In so Plattenverteilern zu sein hat sowohl seine Vor- als auch Nachteile. Einerseits wird einem deutlich, was für Müll so auf die breite Masse losgelassen wird, andererseits hört man gute Musik zuerst. Neben den auf Grund von allgemeiner Relevanz zu besprechenden Platten sucht man sich aus der Schar der Veröffentlichungen interessante Stücke raus und trifft mit etwas Glück auf echte Perlen, die bisher nicht die Aufmerksamkeit bekommen, die ihnen gebührt und hat als Musikjournalist die große Ehre, unbekannte Bands zu pushen und ihnen damit zu relativer Bekanntheit zu verhelfen. Nice.

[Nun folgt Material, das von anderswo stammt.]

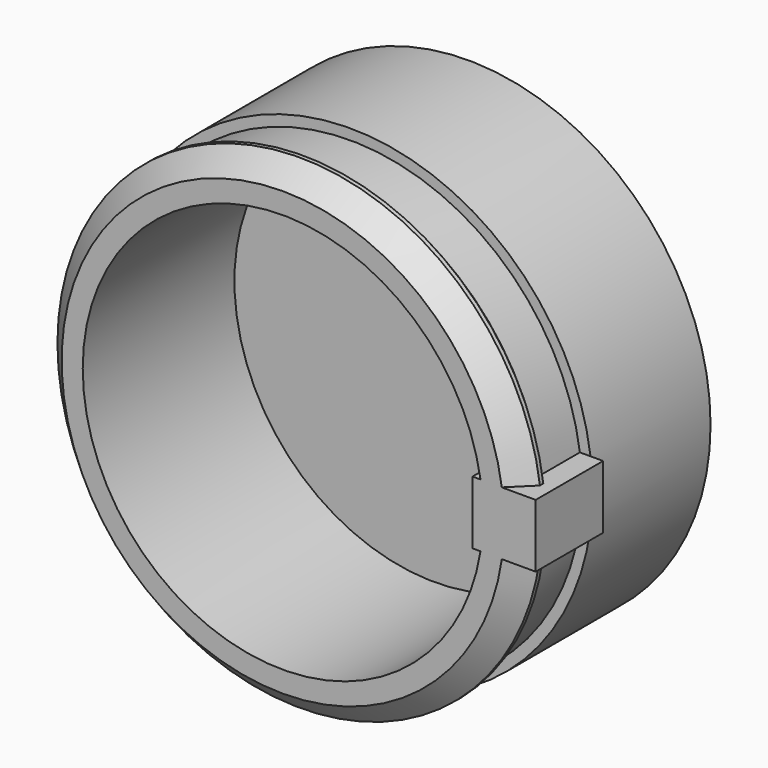
from build123d import *

# Parameters (mm, degrees)
F0_R        = 11.5
F0_R_2      = 9.5
F1_DEPTH    = 7
F2_DEPTH    = 2
F3_R        = 11
F3_R_2      = 9.5
F4_DEPTH    = 2
F5_R        = 11.5
F5_R_2      = 11
F5_R_3      = 9.5
F6_DEPTH    = 2
F7_S5_R     = 11
F7_T6_DEPTH = 18
F8_SIZE     = 1
F9_W        = 3
F9_H        = 3
F10_DEPTH   = 4


# Not quite as in the source:
# - a fillet or chamfer that OpenCascade refuses, or shapes differently, is made with other operations: its cross-section is extruded or revolved along the edge and cut away or added


with BuildPart() as f1:
    # F0 (on Front) → F1 (new body)
    with BuildSketch(Plane.XZ):
        Circle(F0_R)
        Circle(F0_R_2, mode=Mode.SUBTRACT)
    extrude(amount=F1_DEPTH)

    # F0 (on Front) → F2 (join)
    with BuildSketch(Plane.XZ):
        Circle(F0_R_2)
    extrude(amount=F2_DEPTH)

    # F3 (on face) → F4 (join)
    with BuildSketch(Plane.XZ.offset(7)):
        Circle(F3_R)
        Circle(F3_R_2, mode=Mode.SUBTRACT)
    extrude(amount=F4_DEPTH)

    # F5 (on face) → F6 (join)
    with BuildSketch(Plane.XZ.offset(9)):
        Circle(F5_R)
        Circle(F5_R_2, mode=Mode.SUBTRACT)
        Circle(F5_R_2)
        Circle(F5_R_3, mode=Mode.SUBTRACT)
    extrude(amount=F6_DEPTH)

    # F7: chamfer of 0.8 on 1 edges, made by hand


with BuildPart() as f7_tool2:
    # F7_s3 → F7_t4 (revolve)
    with BuildSketch(Plane.XY):
        Polygon((10.7, -9), (11.5, -9.8), (11.5, -9), align=None)
    revolve(axis=Axis((0, -9, 0), (0, -1, 0)))

    # F7_s5 → F7_t6 (cut, symmetric)
    with BuildSketch(Plane.XZ.offset(9.4)):
        Circle(F7_S5_R)
    extrude(amount=F7_T6_DEPTH, both=True, mode=Mode.SUBTRACT)


with BuildPart() as f1_1:
    add(f1.part)

    # F7_t1: cut F7_tool2
    add(f7_tool2.part, mode=Mode.SUBTRACT)

    # F8
    f8_edges = [f1_1.edges().sort_by_distance(p)[0] for p in [
        (-11.5, -11, 0),
    ]]
    chamfer(f8_edges, length=F8_SIZE)

    # F9 (on face) → F10 (join)
    with BuildSketch(Plane.XZ.offset(11)):
        with Locations((10.5, 0)):
            Rectangle(F9_W, F9_H)
    extrude(amount=-F10_DEPTH)


solid = f1_1.part

Der Name KAMIKAZE GIRLS tauchte also vor kurzem in einer dieser Mailfluten auf und, nunja, "Girls" - triggered. Dass die Bezeichnung des weiblichen Geschlechts nicht unbedingt auf ebendieses Bandgefüge hindeuten muss, machte nicht zuletzt erst die GIRL BAND aus Dublin klar. Hier traf der Name allerdings direkt ins Schwarze und aus meiner Affinität zu Female-Fronted-Bands mache ich nun auch kein wirkliches Geheimnis. Guck.
Das nach einer japanischen Komödie benannte Duo aus Leeds besteht aus Drummer Connor Dawson und Gitarristin/Sängerin Lucinda Livingstone. Das Zwei-Personen-Bands momentan der absolute Shit sind muss an anderer Stelle noch einmal besonders beleuchtet werden. Tracks die nach einer beliebigen europäischen Hauptstadt benannt werden übrigens auch.
Trotz dieser zeitgemäßen Bandkonstellation, dem DIY-Charakter und dem LoFi-Sound ihres Debuts klingen die KAMIKAZE GIRLS nur bedingt nach derzeit angesagten Garagenrock ala GURR und Konsorten, auch wenn die erste Single "Berlin" sowohl mit der Titelbezeichnung als auch im ersten Hördurchlauf darauf schließen lässt. Im gesamten Albumkontext gehört, offenbart gerade dieser Song eine unheimlich intensive melancholische Grundstimmung, so als würden sich zur bandeigenen Punkattutüde zusätzlich noch MEWITHOUTYOU mit MY BLOODY VALENTINE paaren.
Mit "One Young Man" wurde ein perfekter Opener für das Album gewählt. CHROMATICS-Erinnerungen, doomiges Tempo, tiefgestimmte Gitarre und 80ies-Spirit gehen über in das bereits erwähnte "Berlin". Die allgegenwärtigen Shoegazegitarren, der LoFi-Sound und Post-Punk-Style durchzieht "Seafoam" bis zum Schluss. NEW ORDER wären stolz.
Bereits auf der EP "Sad" besang Lucinda Livingstone Ängste, Depression und Traurigkeit. An dieser Thematik hat sich auch auf "Seafoam" nicht viel geändert, wobei mit dem abschließenden Song "I Don´t Want To Be Sad Forever" Aufbruchstimmung und mit einer leichten Briese Hoffnung eingschlagen wird:
"We Don´t Need More Guns/We need Lovers."
"Seafoam" ist kein technisch anspruchsvolles Album. Es überzeugt mit seinem direkten Songwriting, den authentisch und ehrlichen Texten und vor allem mit einer Grundstimmung, welche von Hördurchlauf zu Hördurchlauf für regelmäßige Gänsehautmomente sorgt. Mit "KG Goes To The Pub" haben die KAMIKAZE GIRLS dazu den inoffiziellen Nachfolger zu PETROL GIRLS´ letztjähriger Feministinnen- und Body-Positivity-Hymne "Touch Me Again" in petto.
2017 ist bisher ein ausgezeichnetes Jahr für Female-Fronted-Bands. Nach BRUTUS, BATHSHEBA, KING WOMAN, DIET CIG und zuletzt GIRLPOOL reihen sich KAMIKAZE GIRLS mit ihrem Debut "Seafom" in diese Reihe spannender neuer Bands ein und gehören zugleich zu den besten Newcomern des Jahres.